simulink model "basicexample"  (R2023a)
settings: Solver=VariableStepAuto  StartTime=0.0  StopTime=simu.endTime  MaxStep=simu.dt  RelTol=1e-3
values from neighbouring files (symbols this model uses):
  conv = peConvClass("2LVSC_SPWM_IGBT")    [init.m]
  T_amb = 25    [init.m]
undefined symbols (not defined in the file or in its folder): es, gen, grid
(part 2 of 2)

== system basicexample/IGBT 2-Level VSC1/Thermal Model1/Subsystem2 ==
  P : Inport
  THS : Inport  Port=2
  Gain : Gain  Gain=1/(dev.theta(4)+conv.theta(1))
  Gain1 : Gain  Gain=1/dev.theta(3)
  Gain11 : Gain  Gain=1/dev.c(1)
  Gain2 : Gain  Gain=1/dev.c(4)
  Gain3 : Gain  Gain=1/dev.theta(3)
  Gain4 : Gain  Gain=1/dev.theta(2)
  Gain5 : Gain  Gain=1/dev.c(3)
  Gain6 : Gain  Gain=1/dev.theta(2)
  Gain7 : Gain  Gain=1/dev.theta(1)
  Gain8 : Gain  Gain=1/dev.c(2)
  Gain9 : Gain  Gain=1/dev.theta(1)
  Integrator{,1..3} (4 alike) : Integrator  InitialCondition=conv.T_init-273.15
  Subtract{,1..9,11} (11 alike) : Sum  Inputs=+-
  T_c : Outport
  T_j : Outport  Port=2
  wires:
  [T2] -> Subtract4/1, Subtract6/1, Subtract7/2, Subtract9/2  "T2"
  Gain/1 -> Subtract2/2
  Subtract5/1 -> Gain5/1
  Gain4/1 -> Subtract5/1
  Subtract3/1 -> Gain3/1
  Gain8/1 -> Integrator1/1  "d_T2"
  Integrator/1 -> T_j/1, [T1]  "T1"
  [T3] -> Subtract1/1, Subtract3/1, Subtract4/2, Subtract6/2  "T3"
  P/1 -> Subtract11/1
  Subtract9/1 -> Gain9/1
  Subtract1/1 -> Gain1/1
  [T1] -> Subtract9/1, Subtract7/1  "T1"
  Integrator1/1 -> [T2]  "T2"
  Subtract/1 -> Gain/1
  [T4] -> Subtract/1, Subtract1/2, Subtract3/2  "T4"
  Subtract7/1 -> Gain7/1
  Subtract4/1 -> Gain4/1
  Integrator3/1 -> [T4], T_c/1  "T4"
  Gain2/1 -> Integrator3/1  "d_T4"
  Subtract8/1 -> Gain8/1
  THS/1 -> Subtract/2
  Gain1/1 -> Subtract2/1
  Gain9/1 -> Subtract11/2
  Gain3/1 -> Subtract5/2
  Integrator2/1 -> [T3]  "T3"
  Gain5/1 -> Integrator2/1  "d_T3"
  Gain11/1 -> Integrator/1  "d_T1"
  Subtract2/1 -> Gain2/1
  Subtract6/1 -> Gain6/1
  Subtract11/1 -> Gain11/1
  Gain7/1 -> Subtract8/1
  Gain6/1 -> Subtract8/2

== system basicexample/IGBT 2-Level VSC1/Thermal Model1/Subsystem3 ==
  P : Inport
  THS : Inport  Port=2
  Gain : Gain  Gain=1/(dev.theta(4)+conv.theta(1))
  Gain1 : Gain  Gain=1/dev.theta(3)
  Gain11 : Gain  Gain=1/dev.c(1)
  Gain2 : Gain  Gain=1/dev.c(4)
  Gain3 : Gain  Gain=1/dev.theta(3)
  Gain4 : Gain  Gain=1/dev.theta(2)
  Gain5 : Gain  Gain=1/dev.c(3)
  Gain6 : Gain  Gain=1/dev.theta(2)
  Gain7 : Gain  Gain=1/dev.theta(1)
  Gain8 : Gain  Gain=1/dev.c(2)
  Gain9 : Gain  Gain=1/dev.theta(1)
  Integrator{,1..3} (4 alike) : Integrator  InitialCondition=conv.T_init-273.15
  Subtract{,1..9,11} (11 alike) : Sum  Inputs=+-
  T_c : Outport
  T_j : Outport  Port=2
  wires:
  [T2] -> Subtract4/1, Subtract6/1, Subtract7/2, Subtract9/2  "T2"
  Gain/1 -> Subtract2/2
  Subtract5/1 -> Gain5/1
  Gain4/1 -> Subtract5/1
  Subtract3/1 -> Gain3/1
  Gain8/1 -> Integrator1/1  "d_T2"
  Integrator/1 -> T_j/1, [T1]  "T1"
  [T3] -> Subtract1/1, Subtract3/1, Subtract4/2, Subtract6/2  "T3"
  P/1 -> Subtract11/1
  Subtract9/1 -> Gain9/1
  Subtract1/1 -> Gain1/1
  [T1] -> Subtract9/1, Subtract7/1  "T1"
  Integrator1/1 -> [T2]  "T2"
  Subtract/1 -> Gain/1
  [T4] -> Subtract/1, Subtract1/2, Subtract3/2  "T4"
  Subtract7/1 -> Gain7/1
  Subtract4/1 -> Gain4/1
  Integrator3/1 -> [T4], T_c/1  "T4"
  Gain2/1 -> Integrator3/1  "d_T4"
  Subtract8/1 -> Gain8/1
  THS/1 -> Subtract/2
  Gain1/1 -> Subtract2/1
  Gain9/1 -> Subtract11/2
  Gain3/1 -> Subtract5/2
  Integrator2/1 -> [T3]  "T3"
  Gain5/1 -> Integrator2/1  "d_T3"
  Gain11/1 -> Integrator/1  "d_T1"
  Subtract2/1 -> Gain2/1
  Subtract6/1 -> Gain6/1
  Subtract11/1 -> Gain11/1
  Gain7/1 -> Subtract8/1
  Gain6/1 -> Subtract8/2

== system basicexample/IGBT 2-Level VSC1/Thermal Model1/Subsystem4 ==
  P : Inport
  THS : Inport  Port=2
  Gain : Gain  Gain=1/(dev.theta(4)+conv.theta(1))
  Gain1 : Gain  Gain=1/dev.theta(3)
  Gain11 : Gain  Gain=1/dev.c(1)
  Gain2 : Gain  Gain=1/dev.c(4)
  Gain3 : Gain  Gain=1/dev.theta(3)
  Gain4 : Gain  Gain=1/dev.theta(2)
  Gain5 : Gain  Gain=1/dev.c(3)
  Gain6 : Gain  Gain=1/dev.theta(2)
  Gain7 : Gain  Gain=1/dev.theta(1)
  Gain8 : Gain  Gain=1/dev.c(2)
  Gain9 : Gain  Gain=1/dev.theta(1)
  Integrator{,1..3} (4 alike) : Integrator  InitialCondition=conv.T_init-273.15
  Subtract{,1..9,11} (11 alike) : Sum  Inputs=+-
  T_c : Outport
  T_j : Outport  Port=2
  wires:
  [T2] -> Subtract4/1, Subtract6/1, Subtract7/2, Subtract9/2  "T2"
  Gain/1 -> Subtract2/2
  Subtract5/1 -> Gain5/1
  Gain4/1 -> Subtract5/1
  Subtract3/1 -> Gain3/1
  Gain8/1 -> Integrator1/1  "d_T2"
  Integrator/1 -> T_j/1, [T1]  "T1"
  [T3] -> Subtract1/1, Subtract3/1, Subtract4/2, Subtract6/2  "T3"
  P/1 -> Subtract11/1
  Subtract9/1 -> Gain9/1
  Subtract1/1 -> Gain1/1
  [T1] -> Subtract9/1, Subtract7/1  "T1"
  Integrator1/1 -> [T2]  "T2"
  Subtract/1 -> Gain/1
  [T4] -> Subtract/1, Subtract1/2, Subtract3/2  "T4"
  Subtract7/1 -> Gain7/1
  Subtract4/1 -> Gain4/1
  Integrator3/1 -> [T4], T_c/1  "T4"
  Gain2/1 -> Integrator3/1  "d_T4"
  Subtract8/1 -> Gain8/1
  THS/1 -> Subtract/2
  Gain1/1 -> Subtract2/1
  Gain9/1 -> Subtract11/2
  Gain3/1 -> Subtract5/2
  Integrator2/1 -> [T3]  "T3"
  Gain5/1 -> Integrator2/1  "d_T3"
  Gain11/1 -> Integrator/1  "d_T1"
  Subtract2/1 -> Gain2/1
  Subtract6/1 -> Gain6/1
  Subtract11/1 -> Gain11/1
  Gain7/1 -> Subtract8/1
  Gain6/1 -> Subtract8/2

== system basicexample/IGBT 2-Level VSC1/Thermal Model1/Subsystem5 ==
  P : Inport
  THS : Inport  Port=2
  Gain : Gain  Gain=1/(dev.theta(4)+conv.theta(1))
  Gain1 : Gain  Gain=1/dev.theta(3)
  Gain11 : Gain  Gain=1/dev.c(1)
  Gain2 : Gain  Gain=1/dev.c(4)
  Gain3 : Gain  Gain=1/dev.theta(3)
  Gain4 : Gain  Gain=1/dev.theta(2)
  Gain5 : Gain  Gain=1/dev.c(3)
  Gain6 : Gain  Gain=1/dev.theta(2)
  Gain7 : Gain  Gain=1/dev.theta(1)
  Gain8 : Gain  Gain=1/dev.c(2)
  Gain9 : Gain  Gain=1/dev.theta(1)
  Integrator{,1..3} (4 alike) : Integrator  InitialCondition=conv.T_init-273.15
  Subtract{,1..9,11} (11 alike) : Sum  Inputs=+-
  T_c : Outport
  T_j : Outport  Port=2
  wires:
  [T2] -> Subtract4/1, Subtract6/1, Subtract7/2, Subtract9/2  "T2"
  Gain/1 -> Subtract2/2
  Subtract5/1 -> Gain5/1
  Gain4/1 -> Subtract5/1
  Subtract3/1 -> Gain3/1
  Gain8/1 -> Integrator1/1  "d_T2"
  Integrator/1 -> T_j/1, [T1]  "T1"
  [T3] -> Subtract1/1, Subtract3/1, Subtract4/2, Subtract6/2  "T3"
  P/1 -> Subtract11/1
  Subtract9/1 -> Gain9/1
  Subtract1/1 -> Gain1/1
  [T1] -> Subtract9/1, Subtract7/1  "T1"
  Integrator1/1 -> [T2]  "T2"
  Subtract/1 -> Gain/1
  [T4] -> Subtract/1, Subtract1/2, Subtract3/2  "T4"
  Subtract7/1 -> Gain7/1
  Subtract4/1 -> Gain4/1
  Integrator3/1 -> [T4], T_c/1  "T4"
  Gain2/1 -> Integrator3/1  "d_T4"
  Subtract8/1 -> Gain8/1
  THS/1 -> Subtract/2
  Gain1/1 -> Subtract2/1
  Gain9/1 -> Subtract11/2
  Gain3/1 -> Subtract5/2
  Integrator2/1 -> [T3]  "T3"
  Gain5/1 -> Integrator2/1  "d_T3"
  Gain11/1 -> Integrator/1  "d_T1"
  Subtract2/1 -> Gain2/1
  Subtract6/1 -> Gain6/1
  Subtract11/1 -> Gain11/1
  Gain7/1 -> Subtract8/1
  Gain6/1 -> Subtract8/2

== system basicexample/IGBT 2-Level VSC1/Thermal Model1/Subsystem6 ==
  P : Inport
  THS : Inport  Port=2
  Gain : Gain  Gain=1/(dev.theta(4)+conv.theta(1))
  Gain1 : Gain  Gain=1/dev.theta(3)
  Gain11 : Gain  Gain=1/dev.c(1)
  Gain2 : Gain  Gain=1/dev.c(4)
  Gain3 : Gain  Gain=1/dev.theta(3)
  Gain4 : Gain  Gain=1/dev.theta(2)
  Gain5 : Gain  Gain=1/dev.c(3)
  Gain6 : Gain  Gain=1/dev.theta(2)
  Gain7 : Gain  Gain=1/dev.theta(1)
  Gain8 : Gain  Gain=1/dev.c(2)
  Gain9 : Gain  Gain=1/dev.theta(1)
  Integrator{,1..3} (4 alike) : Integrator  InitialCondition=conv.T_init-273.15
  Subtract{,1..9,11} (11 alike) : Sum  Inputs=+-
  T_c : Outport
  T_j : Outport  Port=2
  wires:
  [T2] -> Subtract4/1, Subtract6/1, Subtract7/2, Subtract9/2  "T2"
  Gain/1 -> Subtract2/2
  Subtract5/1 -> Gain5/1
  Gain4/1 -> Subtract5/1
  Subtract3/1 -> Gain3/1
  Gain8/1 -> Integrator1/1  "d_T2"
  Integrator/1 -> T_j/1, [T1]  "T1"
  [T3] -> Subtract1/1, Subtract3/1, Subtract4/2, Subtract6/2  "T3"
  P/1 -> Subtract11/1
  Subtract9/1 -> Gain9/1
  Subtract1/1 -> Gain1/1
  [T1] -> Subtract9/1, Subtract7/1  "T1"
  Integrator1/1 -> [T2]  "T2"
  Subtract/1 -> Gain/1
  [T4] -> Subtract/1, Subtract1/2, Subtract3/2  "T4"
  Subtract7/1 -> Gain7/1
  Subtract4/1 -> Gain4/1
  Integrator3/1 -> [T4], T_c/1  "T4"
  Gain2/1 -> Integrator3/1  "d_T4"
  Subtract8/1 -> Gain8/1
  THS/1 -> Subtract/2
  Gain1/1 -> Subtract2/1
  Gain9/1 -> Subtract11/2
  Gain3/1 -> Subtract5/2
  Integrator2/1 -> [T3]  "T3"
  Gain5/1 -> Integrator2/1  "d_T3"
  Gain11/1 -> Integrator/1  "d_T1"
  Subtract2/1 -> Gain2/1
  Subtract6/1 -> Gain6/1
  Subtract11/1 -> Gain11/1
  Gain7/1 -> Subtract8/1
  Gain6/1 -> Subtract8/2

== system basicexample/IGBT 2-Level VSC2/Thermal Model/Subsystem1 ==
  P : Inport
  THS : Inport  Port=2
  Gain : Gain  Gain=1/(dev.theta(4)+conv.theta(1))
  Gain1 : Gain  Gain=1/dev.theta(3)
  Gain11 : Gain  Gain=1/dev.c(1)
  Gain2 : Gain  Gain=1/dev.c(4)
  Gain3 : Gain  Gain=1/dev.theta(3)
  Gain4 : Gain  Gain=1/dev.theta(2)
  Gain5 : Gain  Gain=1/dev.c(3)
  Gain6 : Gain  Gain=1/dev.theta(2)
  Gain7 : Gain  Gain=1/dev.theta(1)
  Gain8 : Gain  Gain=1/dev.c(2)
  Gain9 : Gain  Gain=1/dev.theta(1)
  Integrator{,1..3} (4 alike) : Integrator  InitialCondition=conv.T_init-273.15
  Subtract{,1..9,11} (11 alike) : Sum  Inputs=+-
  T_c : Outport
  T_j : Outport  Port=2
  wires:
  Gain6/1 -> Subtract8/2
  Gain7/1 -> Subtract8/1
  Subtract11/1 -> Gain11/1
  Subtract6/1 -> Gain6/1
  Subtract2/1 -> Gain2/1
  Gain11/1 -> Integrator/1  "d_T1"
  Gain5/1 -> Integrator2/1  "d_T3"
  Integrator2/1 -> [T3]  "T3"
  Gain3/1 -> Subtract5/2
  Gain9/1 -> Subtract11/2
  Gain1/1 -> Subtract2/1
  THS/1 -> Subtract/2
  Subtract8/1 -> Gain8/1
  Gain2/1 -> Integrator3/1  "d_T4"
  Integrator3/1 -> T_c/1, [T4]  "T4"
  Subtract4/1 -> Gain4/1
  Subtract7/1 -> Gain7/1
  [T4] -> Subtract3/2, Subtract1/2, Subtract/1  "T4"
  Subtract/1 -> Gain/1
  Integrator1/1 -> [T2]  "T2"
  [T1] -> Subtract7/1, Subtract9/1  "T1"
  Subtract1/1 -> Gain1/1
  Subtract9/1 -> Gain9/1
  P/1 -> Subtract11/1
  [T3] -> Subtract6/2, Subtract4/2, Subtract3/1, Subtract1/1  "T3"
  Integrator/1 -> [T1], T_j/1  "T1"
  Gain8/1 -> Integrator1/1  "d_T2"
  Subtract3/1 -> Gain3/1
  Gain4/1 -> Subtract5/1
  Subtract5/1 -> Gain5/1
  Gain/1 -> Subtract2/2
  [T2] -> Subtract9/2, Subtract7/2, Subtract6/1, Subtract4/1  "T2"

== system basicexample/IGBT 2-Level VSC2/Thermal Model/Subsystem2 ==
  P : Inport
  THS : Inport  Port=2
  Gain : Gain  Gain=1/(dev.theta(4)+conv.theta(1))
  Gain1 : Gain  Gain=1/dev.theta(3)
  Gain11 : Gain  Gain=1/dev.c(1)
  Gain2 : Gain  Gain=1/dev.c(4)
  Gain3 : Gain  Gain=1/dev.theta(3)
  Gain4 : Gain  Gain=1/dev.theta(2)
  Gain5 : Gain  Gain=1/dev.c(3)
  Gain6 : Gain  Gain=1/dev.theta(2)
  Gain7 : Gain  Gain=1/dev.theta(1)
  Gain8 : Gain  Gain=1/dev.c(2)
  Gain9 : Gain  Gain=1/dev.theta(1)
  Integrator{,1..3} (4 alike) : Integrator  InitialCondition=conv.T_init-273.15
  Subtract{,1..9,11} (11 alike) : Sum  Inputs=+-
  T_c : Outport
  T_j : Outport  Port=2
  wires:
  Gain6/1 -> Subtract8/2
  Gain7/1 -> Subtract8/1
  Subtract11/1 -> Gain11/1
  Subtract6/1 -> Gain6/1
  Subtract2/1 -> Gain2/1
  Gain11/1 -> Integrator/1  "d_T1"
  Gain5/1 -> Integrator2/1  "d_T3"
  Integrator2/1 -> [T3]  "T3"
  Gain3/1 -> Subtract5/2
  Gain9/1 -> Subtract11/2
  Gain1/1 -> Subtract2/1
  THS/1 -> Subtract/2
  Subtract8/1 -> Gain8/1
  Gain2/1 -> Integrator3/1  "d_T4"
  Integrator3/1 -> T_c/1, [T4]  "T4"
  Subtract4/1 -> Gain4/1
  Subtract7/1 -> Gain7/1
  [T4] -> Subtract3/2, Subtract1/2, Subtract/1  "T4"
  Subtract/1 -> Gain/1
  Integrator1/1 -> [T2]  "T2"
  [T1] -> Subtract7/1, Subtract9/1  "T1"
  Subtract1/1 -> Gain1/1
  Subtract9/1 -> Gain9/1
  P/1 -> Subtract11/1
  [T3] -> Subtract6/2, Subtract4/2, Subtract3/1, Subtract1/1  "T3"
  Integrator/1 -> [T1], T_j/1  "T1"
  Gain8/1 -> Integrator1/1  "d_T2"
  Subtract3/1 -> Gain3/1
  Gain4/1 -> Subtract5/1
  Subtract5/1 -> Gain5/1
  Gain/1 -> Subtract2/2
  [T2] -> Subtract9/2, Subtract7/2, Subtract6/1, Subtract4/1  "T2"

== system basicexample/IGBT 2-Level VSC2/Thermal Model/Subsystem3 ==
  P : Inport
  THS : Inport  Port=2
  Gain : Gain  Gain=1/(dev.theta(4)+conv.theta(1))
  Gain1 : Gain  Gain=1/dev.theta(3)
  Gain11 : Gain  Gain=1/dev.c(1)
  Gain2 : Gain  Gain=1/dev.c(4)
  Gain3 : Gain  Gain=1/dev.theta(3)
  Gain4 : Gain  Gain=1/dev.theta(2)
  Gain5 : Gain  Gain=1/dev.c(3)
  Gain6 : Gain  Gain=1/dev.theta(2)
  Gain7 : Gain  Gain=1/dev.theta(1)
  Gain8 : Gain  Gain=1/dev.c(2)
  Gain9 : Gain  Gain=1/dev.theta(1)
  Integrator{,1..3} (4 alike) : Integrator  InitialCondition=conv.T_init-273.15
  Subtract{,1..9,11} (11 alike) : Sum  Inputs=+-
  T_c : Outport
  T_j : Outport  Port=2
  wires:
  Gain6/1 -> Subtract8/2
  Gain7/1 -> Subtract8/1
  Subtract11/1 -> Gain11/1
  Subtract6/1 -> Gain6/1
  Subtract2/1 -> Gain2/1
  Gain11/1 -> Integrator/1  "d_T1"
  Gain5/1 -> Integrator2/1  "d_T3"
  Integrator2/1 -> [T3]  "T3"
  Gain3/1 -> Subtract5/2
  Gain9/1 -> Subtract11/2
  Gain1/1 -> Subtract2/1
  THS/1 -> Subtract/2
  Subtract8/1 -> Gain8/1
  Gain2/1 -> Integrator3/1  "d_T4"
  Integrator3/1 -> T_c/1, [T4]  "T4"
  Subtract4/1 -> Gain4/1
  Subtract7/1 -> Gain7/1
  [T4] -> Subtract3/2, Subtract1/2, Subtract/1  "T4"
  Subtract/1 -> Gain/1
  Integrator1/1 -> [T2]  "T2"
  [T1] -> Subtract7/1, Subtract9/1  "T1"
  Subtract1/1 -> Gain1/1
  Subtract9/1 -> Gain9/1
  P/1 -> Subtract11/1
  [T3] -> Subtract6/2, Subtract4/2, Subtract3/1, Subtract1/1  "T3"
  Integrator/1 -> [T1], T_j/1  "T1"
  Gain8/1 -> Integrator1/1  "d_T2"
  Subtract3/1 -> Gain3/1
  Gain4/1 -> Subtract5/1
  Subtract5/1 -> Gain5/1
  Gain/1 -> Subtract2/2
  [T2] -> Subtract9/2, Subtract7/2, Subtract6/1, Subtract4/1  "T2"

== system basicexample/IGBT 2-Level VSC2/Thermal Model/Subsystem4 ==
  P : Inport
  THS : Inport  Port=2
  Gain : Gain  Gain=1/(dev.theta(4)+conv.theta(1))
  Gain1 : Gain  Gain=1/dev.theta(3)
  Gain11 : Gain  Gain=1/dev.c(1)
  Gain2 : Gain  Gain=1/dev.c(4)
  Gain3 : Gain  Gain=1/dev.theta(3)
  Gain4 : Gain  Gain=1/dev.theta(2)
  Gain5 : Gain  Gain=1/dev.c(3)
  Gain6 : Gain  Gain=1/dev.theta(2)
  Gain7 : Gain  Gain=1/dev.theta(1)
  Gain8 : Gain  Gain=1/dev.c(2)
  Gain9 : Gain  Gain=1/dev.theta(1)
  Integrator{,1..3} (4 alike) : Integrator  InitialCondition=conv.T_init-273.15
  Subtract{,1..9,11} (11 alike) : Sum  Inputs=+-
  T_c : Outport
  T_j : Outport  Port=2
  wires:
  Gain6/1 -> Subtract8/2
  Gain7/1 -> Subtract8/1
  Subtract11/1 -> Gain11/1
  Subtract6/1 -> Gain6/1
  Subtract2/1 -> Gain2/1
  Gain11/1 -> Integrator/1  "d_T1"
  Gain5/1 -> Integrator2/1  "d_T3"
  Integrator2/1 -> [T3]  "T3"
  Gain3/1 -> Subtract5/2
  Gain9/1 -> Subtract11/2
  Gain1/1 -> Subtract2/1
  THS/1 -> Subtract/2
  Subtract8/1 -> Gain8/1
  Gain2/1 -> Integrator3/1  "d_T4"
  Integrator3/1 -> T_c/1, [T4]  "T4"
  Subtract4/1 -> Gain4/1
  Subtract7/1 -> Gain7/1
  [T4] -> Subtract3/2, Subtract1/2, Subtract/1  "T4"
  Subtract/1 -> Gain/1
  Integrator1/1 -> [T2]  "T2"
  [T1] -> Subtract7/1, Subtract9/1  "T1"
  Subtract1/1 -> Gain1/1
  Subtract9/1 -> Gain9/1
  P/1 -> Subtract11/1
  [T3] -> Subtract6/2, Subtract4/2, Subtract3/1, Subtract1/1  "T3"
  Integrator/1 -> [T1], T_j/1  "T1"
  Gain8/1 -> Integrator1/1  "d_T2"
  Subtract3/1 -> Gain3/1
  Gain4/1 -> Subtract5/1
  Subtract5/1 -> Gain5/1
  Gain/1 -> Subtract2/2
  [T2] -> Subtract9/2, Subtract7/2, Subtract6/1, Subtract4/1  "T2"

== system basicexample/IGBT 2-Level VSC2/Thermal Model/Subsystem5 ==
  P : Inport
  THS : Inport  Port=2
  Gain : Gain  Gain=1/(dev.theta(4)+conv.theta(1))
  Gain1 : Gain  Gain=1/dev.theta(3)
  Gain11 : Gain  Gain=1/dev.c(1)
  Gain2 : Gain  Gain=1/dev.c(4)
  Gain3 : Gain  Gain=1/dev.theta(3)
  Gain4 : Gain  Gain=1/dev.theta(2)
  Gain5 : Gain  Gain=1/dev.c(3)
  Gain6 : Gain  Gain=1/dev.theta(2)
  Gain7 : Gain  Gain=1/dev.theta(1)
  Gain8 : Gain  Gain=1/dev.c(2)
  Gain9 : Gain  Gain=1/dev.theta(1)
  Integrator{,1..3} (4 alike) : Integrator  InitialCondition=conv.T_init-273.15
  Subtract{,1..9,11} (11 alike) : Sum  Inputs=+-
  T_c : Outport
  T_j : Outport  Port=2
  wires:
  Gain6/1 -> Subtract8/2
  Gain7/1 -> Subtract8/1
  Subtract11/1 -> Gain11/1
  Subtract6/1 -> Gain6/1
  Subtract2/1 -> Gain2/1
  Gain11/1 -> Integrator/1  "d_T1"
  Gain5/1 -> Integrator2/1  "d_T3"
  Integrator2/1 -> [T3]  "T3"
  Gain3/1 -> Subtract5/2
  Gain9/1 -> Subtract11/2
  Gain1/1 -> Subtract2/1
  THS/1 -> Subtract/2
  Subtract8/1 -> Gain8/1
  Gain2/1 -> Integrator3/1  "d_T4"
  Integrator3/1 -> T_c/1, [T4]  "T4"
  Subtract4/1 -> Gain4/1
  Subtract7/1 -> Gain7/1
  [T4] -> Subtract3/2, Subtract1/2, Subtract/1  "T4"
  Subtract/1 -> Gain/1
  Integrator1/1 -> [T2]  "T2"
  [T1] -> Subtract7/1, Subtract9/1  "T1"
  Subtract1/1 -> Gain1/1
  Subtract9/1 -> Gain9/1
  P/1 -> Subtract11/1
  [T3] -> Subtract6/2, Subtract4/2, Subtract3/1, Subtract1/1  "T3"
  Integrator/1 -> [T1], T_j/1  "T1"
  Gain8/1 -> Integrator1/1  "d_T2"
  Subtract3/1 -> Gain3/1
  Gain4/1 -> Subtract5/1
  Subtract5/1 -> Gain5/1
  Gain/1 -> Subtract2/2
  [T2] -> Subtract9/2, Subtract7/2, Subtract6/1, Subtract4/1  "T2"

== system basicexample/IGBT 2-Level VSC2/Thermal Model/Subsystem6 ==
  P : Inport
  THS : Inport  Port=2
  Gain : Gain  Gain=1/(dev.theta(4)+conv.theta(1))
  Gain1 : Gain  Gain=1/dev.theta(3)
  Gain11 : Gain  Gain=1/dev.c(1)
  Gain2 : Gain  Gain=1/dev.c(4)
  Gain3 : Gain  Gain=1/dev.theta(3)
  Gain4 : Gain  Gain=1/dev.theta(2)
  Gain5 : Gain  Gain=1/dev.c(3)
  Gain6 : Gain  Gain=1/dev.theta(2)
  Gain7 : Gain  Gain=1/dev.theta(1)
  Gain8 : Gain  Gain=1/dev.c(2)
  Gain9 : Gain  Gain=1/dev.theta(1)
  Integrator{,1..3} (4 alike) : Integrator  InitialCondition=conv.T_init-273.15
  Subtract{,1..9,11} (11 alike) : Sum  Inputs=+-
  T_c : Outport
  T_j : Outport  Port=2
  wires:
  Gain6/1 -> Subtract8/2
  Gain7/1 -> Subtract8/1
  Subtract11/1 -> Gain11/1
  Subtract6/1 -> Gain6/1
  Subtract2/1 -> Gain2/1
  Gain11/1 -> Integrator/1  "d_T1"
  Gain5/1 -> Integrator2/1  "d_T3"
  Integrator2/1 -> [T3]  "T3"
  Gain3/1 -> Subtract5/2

• [Task objective]:
Copy out the lines above with "symbols" in them.

• [Result]:
values from neighbouring files (symbols this model uses):
undefined symbols (not defined in the file or in its folder): es, gen, grid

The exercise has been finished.